On Sat, Apr 25, 2009 at 10:44 PM, amit handa <amhanda@gmail.com> wrote:

> Thanks Aaron,
>
> The processing libs that we use, which take time to load are all c++ based
> .so libs.
> Can i invoke it from JVM during the configure stage of the mapper and keep
> it running as you suggested ?
> Can you point me to some documentation regarding the same ?
>
> Regards,
> Amit
>
> On Sat, Apr 25, 2009 at 1:42 PM, Aaron Kimball <aaron@cloudera.com> wrote:
>
> > Amit,
> >
> > This can be made to work with Hadoop. Basically, in your mapper's
> > "configure" stage it would do the heavy load-in process, then it would
> > process your individual work items as records during the actual "map"
> > stage.
> > A map task can be comprised of many records, so you'll be fine here.
> >
> > If you use Hadoop 0.19 or 0.20, you can also enable JVM reuse, where
> > multiple map tasks are performed serially in the same JVM instance.
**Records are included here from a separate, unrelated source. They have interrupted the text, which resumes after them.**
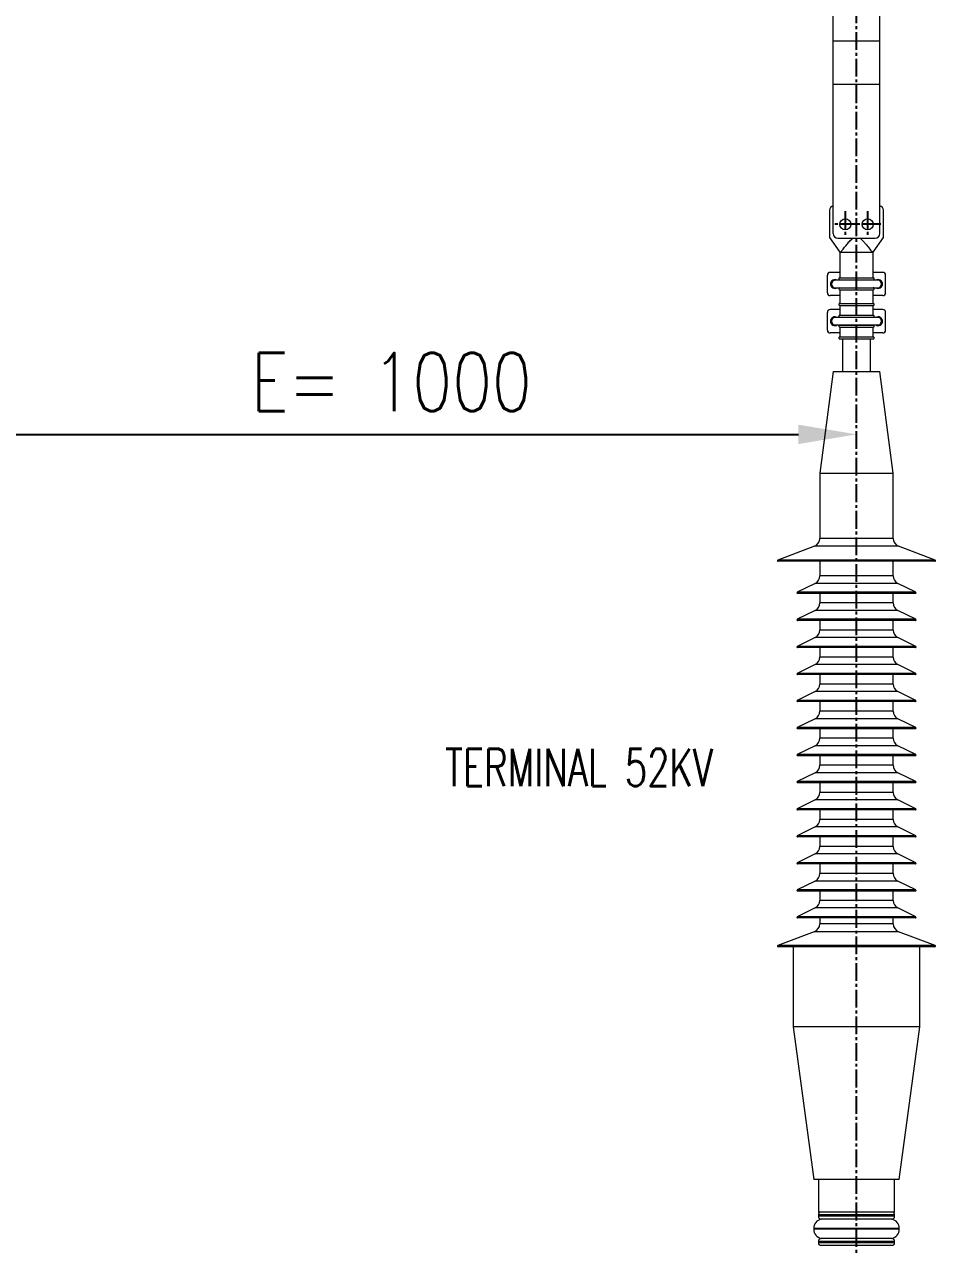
# Model space of a CAD drawing. Header units: millimetres. Extents: x 1587714 to 3094800, y -694377 to -413614.
# Drawn here: x 2030188 to 2031167, y -554249 to -552937 of the extents above; entities that cross this region are included whole.
import ezdxf

# ---------------------------------------------------------------- set-up
doc = ezdxf.new("R2010")
doc.units = ezdxf.units.MM
doc.linetypes.add('CENTER2', pattern=[28.575, 19.05, -3.175, 3.175, -3.175])
for name, color, linetype in [('0_EJES', 1, 'CENTER2'), ('M0_EQUIPOS', 7, 'Continuous'), ('M_DIM', 1, 'Continuous')]:
    doc.layers.add(name, color=color, linetype=linetype)
doc.styles.add('STYLE-MSF', font='simplex.shx', dxfattribs={"width": 0.8})
doc.dimstyles.new('DIM1-25', dxfattribs={"dimscale": 25, "dimtxt": 2.5, "dimasz": 2.5, "dimexe": 1.25, "dimexo": 0.5, "dimgap": 1, "dimtad": 1, "dimdec": 1, "dimtxsty": 'STYLE-MSF', "dimcen": 2.5, "dimclrd": 8, "dimclre": 8, "dimclrt": 3, "dimaunit": 1, "dimadec": 1, "dimazin": 2, "dimtfac": 1, "dimtdec": 1, "dimtmove": 0, "dimatfit": 3, "dimfxl": 1, "dimlwd": -1, "dimlwe": -1, "dimarcsym": 0})

# ---------------------------------------------------------------- blocks, each defined once
blk = doc.blocks.new('*D66')
at = {"layer": 'Defpoints', "color": 0}
for p in [(2030082.1, -553377.5), (2031082.1, -553377.5), (2031082.1, -553377.5)]:
    blk.add_point(p, dxfattribs=at)
at = {"layer": 'M_DIM', "color": 8}
for p, q in [((2030082.1, -553365), (2030082.1, -553346.2)), ((2031082.1, -553365), (2031082.1, -553346.2)), ((2030144.6, -553377.5), (2031019.6, -553377.5))]:
    blk.add_line(p, q, dxfattribs=at)
for points in [[(2030144.6, -553367.1), (2030144.6, -553387.9), (2030082.1, -553377.5)], [(2031019.6, -553367.1), (2031019.6, -553387.9), (2031082.1, -553377.5)]]:
    blk.add_solid(points, dxfattribs=at)
at = {"layer": 'M_DIM', "color": 3, "insert": (2030582.1, -553321.2), "char_height": 62.5, "attachment_point": 5, "style": 'STYLE-MSF'}
blk.add_mtext('E= 1000', dxfattribs=at)

msp = doc.modelspace()

# ---------------------------------------------------------------- linework, layer by layer
at = {"layer": '0_EJES'}
for p, q in [((2031082.082, -561136.8825), (2031082.082, -551102.9118)), ((2031070.0818, -553137.8644), (2031070.0818, -553165.8384)), ((2031094.0818, -553137.8644), (2031094.0818, -553165.8384)), ((2031084.0688, -553151.8514), (2031056.0948, -553151.8514)), ((2031108.0688, -553151.8514), (2031080.0948, -553151.8514))]:
    msp.add_line(p, q, dxfattribs=at)
at = {"layer": 'M0_EQUIPOS', "color": 40, "linetype": 'Continuous', "lineweight": 15}
for p, q in [((2031057.0816, -553161.8514), (2031057.0816, -552484.8514)), ((2031107.0818, -553161.8514), (2031107.0818, -552484.8514)), ((2031057.0816, -552954.8236), (2031107.0818, -552954.8236)), ((2031057.0816, -553161.8514), (2031057.0816, -553001.7624)), ((2031107.0818, -553001.7624), (2031057.0816, -553001.7624)), ((2031062.0817, -553166.8515), (2031102.0817, -553166.8515))]:
    msp.add_line(p, q, dxfattribs=at)
at = {"layer": 'M0_EQUIPOS', "color": 221, "linetype": 'Continuous', "lineweight": 15}
for p, q in [((2031053.0819, -553136.8514), (2031053.0819, -553166.1299)), ((2031111.082, -553166.1299), (2031111.082, -553136.8514)), ((2031053.0819, -553166.1299), (2031064.0902, -553181.8514)), ((2031100.0899, -553181.8514), (2031111.082, -553166.1299)), ((2031064.0902, -553181.8514), (2031064.0902, -553196.9959)), ((2031064.0902, -553181.8514), (2031065.1201, -553181.8514)), ((2031065.1201, -553181.8514), (2031099.0438, -553181.8514)), ((2031099.0438, -553181.8514), (2031100.0899, -553181.8514)), ((2031100.0733, -553196.9959), (2031100.0733, -553181.8514)), ((2031064.1178, -553203.4959), (2031053.7681, -553203.4959)), ((2031064.0902, -553196.9959), (2031064.1178, -553196.9959)), ((2031064.1178, -553196.9959), (2031064.1178, -553209.3793)), ((2031100.0456, -553209.3793), (2031100.0456, -553196.9959)), ((2031100.0456, -553196.9959), (2031100.0733, -553196.9959)), ((2031110.3954, -553203.4959), (2031100.0456, -553203.4959)), ((2031050.7683, -553225.4958), (2031050.7683, -553206.4958)), ((2031055.0179, -553215.676), (2031054.8448, -553215.6624)), ((2031055.0179, -553216.3157), (2031054.8448, -553216.3293)), ((2031105.082, -553211.9958), (2031059.082, -553211.9958)), ((2031064.1178, -553209.3793), (2031100.0456, -553209.3793)), ((2031064.1178, -553211.4959), (2031100.0456, -553211.4959)), ((2031064.1178, -553211.4959), (2031064.1178, -553211.9958)), ((2031100.0456, -553211.9958), (2031100.0456, -553211.4959)), ((2031113.3956, -553225.4958), (2031113.3956, -553206.4958)), ((2031064.1178, -553228.4958), (2031053.7681, -553228.4958)), ((2031059.082, -553219.9959), (2031105.082, -553219.9959)), ((2031064.1178, -553222.0792), (2031100.0456, -553222.0792)), ((2031064.1178, -553222.0792), (2031064.1178, -553236.8959)), ((2031100.0456, -553236.8959), (2031100.0456, -553222.0792)), ((2031110.3954, -553228.4958), (2031100.0456, -553228.4958)), ((2031064.1178, -553243.4958), (2031053.7681, -553243.4958)), ((2031064.1178, -553236.8959), (2031100.0456, -553236.8959)), ((2031064.1178, -553239.0125), (2031100.0456, -553239.0125)), ((2031064.1178, -553239.0125), (2031064.1178, -553249.5958)), ((2031100.0456, -553249.5958), (2031100.0456, -553239.0125)), ((2031110.3954, -553243.4958), (2031100.0456, -553243.4958)), ((2031050.7683, -553265.4958), (2031050.7683, -553246.4958)), ((2031055.0179, -553255.676), (2031054.8448, -553255.6624)), ((2031055.0179, -553256.3157), (2031054.8448, -553256.3293)), ((2031105.082, -553251.9959), (2031059.082, -553251.9959)), ((2031064.1178, -553249.5958), (2031100.0456, -553249.5958)), ((2031064.1178, -553251.7125), (2031100.0456, -553251.7125)), ((2031064.1178, -553251.7125), (2031064.1178, -553251.9959)), ((2031100.0456, -553251.9959), (2031100.0456, -553251.7125)), ((2031113.3956, -553265.4958), (2031113.3956, -553246.4958)), ((2031064.1178, -553268.4959), (2031053.7681, -553268.4959)), ((2031059.082, -553259.9958), (2031105.082, -553259.9958)), ((2031064.1178, -553259.9958), (2031064.1178, -553260.1792)), ((2031064.1178, -553260.1792), (2031100.0456, -553260.1792)), ((2031064.1178, -553262.2958), (2031100.0456, -553262.2958)), ((2031064.1178, -553262.2958), (2031064.1178, -553272.8792)), ((2031100.0456, -553260.1792), (2031100.0456, -553259.9958)), ((2031100.0456, -553272.8792), (2031100.0456, -553262.2958)), ((2031110.3954, -553268.4959), (2031100.0456, -553268.4959)), ((2031064.1178, -553272.8792), (2031100.0456, -553272.8792)), ((2031064.1178, -553274.9959), (2031100.0456, -553274.9959)), ((2031067.0818, -553274.9959), (2031067.0818, -553309.9958)), ((2031097.0821, -553309.9958), (2031097.0821, -553274.9959)), ((2031057.0816, -553309.9958), (2031042.582, -553418.9959)), ((2031057.0816, -553309.9958), (2031107.0818, -553309.9958)), ((2031121.582, -553418.9959), (2031107.0818, -553309.9958)), ((2031042.582, -553418.9959), (2031042.582, -553488.9958)), ((2031042.582, -553418.9959), (2031121.582, -553418.9959)), ((2031121.582, -553488.9958), (2031121.582, -553418.9959)), ((2031042.582, -553488.9958), (2031121.582, -553488.9958)), ((2031042.5834, -553488.9958), (2031042.5834, -553489.2943)), ((2031121.58, -553489.2943), (2031042.5834, -553489.2943)), ((2031121.58, -553489.2943), (2031121.58, -553488.9958)), ((2031036.7669, -553497.7125), (2030997.4913, -553512.5642)), ((2031127.397, -553497.7125), (2031036.7669, -553497.7125)), ((2031166.6722, -553512.5642), (2031127.397, -553497.7125)), ((2031166.6722, -553512.5642), (2030997.4913, -553512.5642)), ((2031166.4423, -553513.8222), (2030997.7211, -553513.8222)), ((2031042.582, -553513.8222), (2031042.582, -553529.5137)), ((2031121.582, -553529.5137), (2031121.582, -553513.8222)), ((2031121.582, -553529.5137), (2031042.582, -553529.5137)), ((2031037.5919, -553537.5709), (2031018.4659, -553547.0903)), ((2031126.5716, -553537.5709), (2031037.5919, -553537.5709)), ((2031145.6975, -553547.0903), (2031126.5716, -553537.5709)), ((2031145.6975, -553547.0903), (2031018.4659, -553547.0903)), ((2031145.4081, -553548.3222), (2031018.7554, -553548.3222)), ((2031042.582, -553548.3222), (2031042.582, -553558.5734)), ((2031121.582, -553558.5734), (2031042.582, -553558.5734)), ((2031121.582, -553558.5734), (2031121.582, -553548.3222)), ((2031037.5919, -553566.6306), (2031018.4659, -553576.15)), ((2031126.5716, -553566.6306), (2031037.5919, -553566.6306)), ((2031145.6975, -553576.15), (2031126.5716, -553566.6306)), ((2031145.6975, -553576.15), (2031018.4659, -553576.15)), ((2031145.4081, -553577.3819), (2031018.7554, -553577.3819)), ((2031042.582, -553577.3819), (2031042.582, -553587.6331)), ((2031121.582, -553587.6331), (2031121.582, -553577.3819)), ((2031037.5919, -553595.6903), (2031018.4659, -553605.2096)), ((2031126.5716, -553595.6903), (2031037.5919, -553595.6903)), ((2031121.582, -553587.6331), (2031042.582, -553587.6331)), ((2031145.6975, -553605.2096), (2031126.5716, -553595.6903)), ((2031145.6975, -553605.2096), (2031018.4659, -553605.2096)), ((2031145.4081, -553606.4415), (2031018.7554, -553606.4415)), ((2031042.582, -553606.4415), (2031042.582, -553616.6927)), ((2031121.582, -553616.6927), (2031121.582, -553606.4415)), ((2031037.5919, -553624.7499), (2031018.4659, -553634.2693)), ((2031126.5716, -553624.7499), (2031037.5919, -553624.7499)), ((2031121.582, -553616.6927), (2031042.582, -553616.6927)), ((2031145.6975, -553634.2693), (2031126.5716, -553624.7499)), ((2031145.6975, -553634.2693), (2031018.4659, -553634.2693)), ((2031145.4081, -553635.5012), (2031018.7554, -553635.5012)), ((2031042.582, -553635.5012), (2031042.582, -553645.7524)), ((2031121.582, -553645.7524), (2031121.582, -553635.5012)), ((2031121.582, -553645.7524), (2031042.582, -553645.7524)), ((2031037.5919, -553653.8096), (2031018.4659, -553663.329)), ((2031145.6975, -553663.329), (2031018.4659, -553663.329)), ((2031126.5716, -553653.8096), (2031037.5919, -553653.8096)), ((2031145.6975, -553663.329), (2031126.5716, -553653.8096)), ((2031145.4081, -553664.5609), (2031018.7554, -553664.5609)), ((2031042.582, -553664.5609), (2031042.582, -553674.8121)), ((2031121.582, -553674.8121), (2031042.582, -553674.8121)), ((2031121.582, -553674.8121), (2031121.582, -553664.5609)), ((2031037.5919, -553682.8693), (2031018.4659, -553692.3886)), ((2031126.5716, -553682.8693), (2031037.5919, -553682.8693)), ((2031145.6975, -553692.3886), (2031126.5716, -553682.8693)), ((2031145.6975, -553692.3886), (2031018.4659, -553692.3886)), ((2031145.4081, -553693.6206), (2031018.7554, -553693.6206)), ((2031042.582, -553693.6206), (2031042.582, -553703.8718)), ((2031121.582, -553703.8718), (2031121.582, -553693.6206)), ((2031037.5919, -553711.9289), (2031018.4659, -553721.4483)), ((2031126.5716, -553711.9289), (2031037.5919, -553711.9289)), ((2031121.582, -553703.8718), (2031042.582, -553703.8718)), ((2031145.6975, -553721.4483), (2031126.5716, -553711.9289)), ((2031145.6975, -553721.4483), (2031018.4659, -553721.4483)), ((2031145.4081, -553722.6802), (2031018.7554, -553722.6802)), ((2031042.582, -553722.6802), (2031042.582, -553732.9314)), ((2031121.582, -553732.9314), (2031121.582, -553722.6802)), ((2031037.5919, -553740.9886), (2031018.4659, -553750.508)), ((2031126.5716, -553740.9886), (2031037.5919, -553740.9886)), ((2031121.582, -553732.9314), (2031042.582, -553732.9314)), ((2031145.6975, -553750.508), (2031126.5716, -553740.9886)), ((2031145.6975, -553750.508), (2031018.4659, -553750.508)), ((2031145.4081, -553751.7399), (2031018.7554, -553751.7399)), ((2031042.582, -553751.7399), (2031042.582, -553761.9911)), ((2031121.582, -553761.9911), (2031121.582, -553751.7399)), ((2031121.582, -553761.9911), (2031042.582, -553761.9911)), ((2031037.5919, -553770.0483), (2031018.4659, -553779.5677)), ((2031145.6975, -553779.5677), (2031018.4659, -553779.5677)), ((2031145.4081, -553780.7996), (2031018.7554, -553780.7996)), ((2031126.5716, -553770.0483), (2031037.5919, -553770.0483)), ((2031042.582, -553780.7996), (2031042.582, -553791.0508)), ((2031121.582, -553791.0508), (2031121.582, -553780.7996)), ((2031145.6975, -553779.5677), (2031126.5716, -553770.0483)), ((2031121.582, -553791.0508), (2031042.582, -553791.0508)), ((2031037.5919, -553799.108), (2031018.4659, -553808.6273)), ((2031145.6975, -553808.6273), (2031018.4659, -553808.6273)), ((2031126.5716, -553799.108), (2031037.5919, -553799.108)), ((2031145.6975, -553808.6273), (2031126.5716, -553799.108)), ((2031145.4081, -553809.8592), (2031018.7554, -553809.8592)), ((2031042.582, -553809.8592), (2031042.582, -553820.1104)), ((2031121.582, -553820.1104), (2031042.582, -553820.1104)), ((2031121.582, -553820.1104), (2031121.582, -553809.8592)), ((2031037.5919, -553828.1676), (2031018.4659, -553837.687)), ((2031126.5716, -553828.1676), (2031037.5919, -553828.1676)), ((2031145.6975, -553837.687), (2031126.5716, -553828.1676)), ((2031145.6975, -553837.687), (2031018.4659, -553837.687)), ((2031145.4081, -553838.9189), (2031018.7554, -553838.9189)), ((2031042.582, -553838.9189), (2031042.582, -553849.1701)), ((2031121.582, -553849.1701), (2031121.582, -553838.9189)), ((2031037.5919, -553857.2273), (2031018.4659, -553866.7467)), ((2031126.5716, -553857.2273), (2031037.5919, -553857.2273)), ((2031121.582, -553849.1701), (2031042.582, -553849.1701)), ((2031145.6975, -553866.7467), (2031126.5716, -553857.2273)), ((2031145.6975, -553866.7467), (2031018.4659, -553866.7467)), ((2031145.4081, -553867.9786), (2031018.7554, -553867.9786)), ((2031042.582, -553867.9786), (2031042.582, -553878.0604)), ((2031121.582, -553878.0604), (2031121.582, -553867.9786)), ((2031037.5919, -553886.1176), (2031018.4645, -553895.6377)), ((2031126.5716, -553886.1176), (2031037.5919, -553886.1176)), ((2031121.582, -553878.0604), (2031042.582, -553878.0604)), ((2031145.6994, -553895.6377), (2031126.5716, -553886.1176)), ((2031145.6994, -553895.6377), (2031018.4645, -553895.6377)), ((2031145.4095, -553896.8696), (2031018.7539, -553896.8696)), ((2031042.5805, -553896.8696), (2031042.5805, -553903.2955)), ((2031121.5834, -553903.2955), (2031121.5834, -553896.8696)), ((2031036.7636, -553911.7137), (2030997.4913, -553926.5642)), ((2031127.3998, -553911.7137), (2031036.7636, -553911.7137)), ((2031121.5834, -553903.2955), (2031042.5805, -553903.2955)), ((2031166.6722, -553926.5642), (2031127.3998, -553911.7137)), ((2031166.6722, -553926.5642), (2030997.4913, -553926.5642)), ((2031166.4423, -553927.8222), (2030997.7211, -553927.8222)), ((2031014.0819, -553927.8222), (2031014.0819, -554013.8222)), ((2031150.082, -554013.8222), (2031150.082, -553927.8222)), ((2031014.0819, -554013.8222), (2031036.0817, -554177.8222)), ((2031150.082, -554013.8222), (2031014.0819, -554013.8222)), ((2031128.0817, -554177.8222), (2031150.082, -554013.8222)), ((2031128.0817, -554177.8222), (2031036.0817, -554177.8222)), ((2031041.0818, -554177.8222), (2031041.0818, -554212.8222)), ((2031123.0816, -554212.8222), (2031123.0816, -554177.8222)), ((2031123.0816, -554212.8222), (2031041.0818, -554212.8222)), ((2031121.1418, -554213.0157), (2031043.0216, -554213.0157)), ((2031041.0818, -554215.8222), (2031041.0818, -554217.3222)), ((2031123.0816, -554215.8222), (2031041.0818, -554215.8222)), ((2031123.0816, -554217.3222), (2031041.0818, -554217.3222)), ((2031120.0818, -554220.3222), (2031044.0816, -554220.3222)), ((2031120.0618, -554220.5202), (2031044.1016, -554220.5202)), ((2031123.0816, -554217.3222), (2031123.0816, -554215.8222)), ((2031036.0817, -554230.3222), (2031036.0817, -554231.3222)), ((2031128.0817, -554230.3222), (2031036.0817, -554230.3222)), ((2031128.0817, -554231.3222), (2031036.0817, -554231.3222)), ((2031120.0818, -554241.3222), (2031044.0816, -554241.3222)), ((2031120.0618, -554241.1242), (2031044.1016, -554241.1242)), ((2031128.0817, -554231.3222), (2031128.0817, -554230.3222)), ((2031041.0818, -554244.3222), (2031041.0818, -554245.8222)), ((2031123.0816, -554244.3222), (2031041.0818, -554244.3222)), ((2031123.0816, -554245.8222), (2031041.0818, -554245.8222)), ((2031121.1418, -554248.6286), (2031043.0216, -554248.6286)), ((2031123.0816, -554245.8222), (2031123.0816, -554244.3222))]:
    msp.add_line(p, q, dxfattribs=at)
at = {"layer": 'M0_EQUIPOS', "color": 221, "linetype": 'Continuous', "lineweight": 15, "flags": 128}
for points in [[(2031055.0818, -553215.9958), (2031055.1819, -553215.1058), (2031055.6177, -553213.9958)], [(2031055.0818, -553255.9959), (2031055.1819, -553255.1057), (2031055.6177, -553253.9958)]]:
    msp.add_lwpolyline(points, dxfattribs=at)
at = {"layer": 'M0_EQUIPOS', "color": 40, "linetype": 'Continuous', "lineweight": 15}
for centre in [(2031070.0818, -553151.8514), (2031094.0818, -553151.8514)]:
    msp.add_circle(centre, 6, dxfattribs=at)
at = {"layer": 'M0_EQUIPOS', "color": 221, "linetype": 'Continuous', "lineweight": 15}
for centre, radius, start, end in [((2031058.0818, -553136.8514), 5, 101.536959, 180), ((2031106.0818, -553136.8514), 5, 0, 78.463041), ((2031053.7681, -553206.4958), 3, 90, 180), ((2031110.3955, -553206.4958), 3, 0, 90), ((2031058.8507, -553215.9958), 4.75, 57.3631025, 180), ((2031058.8507, -553215.9958), 4.75, 180, 302.6368975), ((2031059.0818, -553215.9958), 4.25, 70.2500772, 180), ((2031059.0818, -553215.9958), 4.25, 180, 289.7499228), ((2031059.0818, -553215.9958), 4.0767, 78.8682305, 175.5), ((2031059.0818, -553215.9958), 4.0767, 184.5, 281.1317695), ((2031059.0818, -553215.9958), 4, 90, 180), ((2031059.0818, -553215.9958), 4, 180, 270), ((2031059.0818, -553215.9958), 4, 90, 150), ((2031105.313, -553215.9958), 4.75, 0, 122.6368975), ((2031105.313, -553215.9958), 4.75, 237.3631025, 0), ((2031105.0818, -553215.9958), 4.25, 0, 109.7499228), ((2031105.0818, -553215.9958), 4.25, 250.2500772, 0), ((2031105.0818, -553215.9958), 4.0767, 258.8682305, 101.1317695), ((2031105.0818, -553215.9958), 4, 0, 90), ((2031105.0818, -553215.9958), 4, 270, 0), ((2031053.7681, -553225.4958), 3, 180, 270), ((2031064.1147, -553221.0231), 1.056, 103.4072138, 270.1676566), ((2031110.3955, -553225.4958), 3, 270, 0), ((2031053.7681, -553246.4958), 3, 90, 180), ((2031110.3955, -553246.4958), 3, 0, 90), ((2031058.8507, -553255.9958), 4.75, 57.3631025, 180), ((2031058.8507, -553255.9958), 4.75, 180, 302.6368975), ((2031059.0818, -553255.9958), 4.25, 70.2500772, 180), ((2031059.0818, -553255.9958), 4.25, 180, 289.7499228), ((2031059.0818, -553255.9958), 4.0767, 78.8682305, 175.5), ((2031059.0818, -553255.9958), 4.0767, 184.5, 281.1317695), ((2031059.0818, -553255.9958), 4, 90, 180), ((2031059.0818, -553255.9958), 4, 180, 270), ((2031059.0818, -553255.9958), 4, 90, 150), ((2031105.313, -553255.9958), 4.75, 0, 122.6368975), ((2031105.313, -553255.9958), 4.75, 237.3631025, 0), ((2031105.0818, -553255.9958), 4.25, 0, 109.7499228), ((2031105.0818, -553255.9958), 4.25, 250.2500772, 0), ((2031105.0818, -553255.9958), 4.0767, 258.8682305, 101.1317695), ((2031105.0818, -553255.9958), 4, 0, 90), ((2031105.0818, -553255.9958), 4, 270, 0), ((2031053.7681, -553265.4958), 3, 180, 270), ((2031110.3955, -553265.4958), 3, 270, 0), ((2031033.5834, -553489.2943), 9, 290.7137157, 0), ((2031130.5802, -553489.2943), 9, 180, 249.2862843), ((2030997.7212, -553513.1722), 0.65, 110.7137157, 270), ((2031166.4424, -553513.1722), 0.65, 270, 69.2862843), ((2031033.5818, -553529.5137), 9, 296.4602921, 0), ((2031130.5818, -553529.5137), 9, 180, 243.5397079), ((2031018.7556, -553547.6722), 0.65, 116.4602921, 270), ((2031033.5818, -553558.5734), 9, 296.4602921, 0), ((2031130.5818, -553558.5734), 9, 180, 243.5397079), ((2031145.4081, -553547.6722), 0.65, 270, 63.5397079), ((2031018.7556, -553576.7319), 0.65, 116.4602921, 270), ((2031145.4081, -553576.7319), 0.65, 270, 63.5397079), ((2031033.5818, -553587.6331), 9, 296.4602921, 0), ((2031130.5818, -553587.6331), 9, 180, 243.5397079), ((2031018.7556, -553605.7915), 0.65, 116.4602921, 270), ((2031145.4081, -553605.7915), 0.65, 270, 63.5397079), ((2031033.5818, -553616.6927), 9, 296.4602921, 0), ((2031130.5818, -553616.6927), 9, 180, 243.5397079), ((2031018.7556, -553634.8512), 0.65, 116.4602921, 270), ((2031145.4081, -553634.8512), 0.65, 270, 63.5397079), ((2031033.5818, -553645.7524), 9, 296.4602921, 0), ((2031130.5818, -553645.7524), 9, 180, 243.5397079), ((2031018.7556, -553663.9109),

In
> this
> > case, the first task in the JVM would do the heavy load-in process into
> > static fields or other globally-accessible items; subsequent tasks could
> > recognize that the system state is already initialized and would not need
> > to
> > repeat it.
> >
> > The number of mapper/reducer tasks that run in parallel on a given node
> can
> > be configured with a simple setting; setting this to 6 will work just
> fine.
> > The capacity / fairshare schedulers are not what you need here -- their
> > main
> > function is to ensure that multiple jobs (separate sets of tasks) can all
> > make progress simultaneously by sharing cluster resources across jobs
> > rather
> > than running jobs in a FIFO fashion.
> >
> > - Aaron
> >
> > On Sat, Apr 25, 2009 at 2:36 PM, amit handa <amhanda@gmail.com> wrote:
> >
> > > Hi,
> > >
> > > We are planning to use hadoop for some very expensive and long running
> > > processing tasks.
> > > The computing nodes that we plan to use are very heavy in terms of CPU
> > and
> > > memory requirement e.g one process instance takes almost 100% CPU (1
> > core)
> > > and around 300 -400 MB of RAM.
> > > The first time the process loads it can take around 1-1:30 minutes but
> > > after
> > > that we can provide the data to process and it takes few seconds to
> > > process.
> > > Can I model it on hadoop ?
> > > Can I have my processes pre-loaded on the task processing machines and
> > the
> > > data be provided by hadoop? This will save the 1-1:30 minutes of intial
> > > load
> > > time that it would otherwise take for each task.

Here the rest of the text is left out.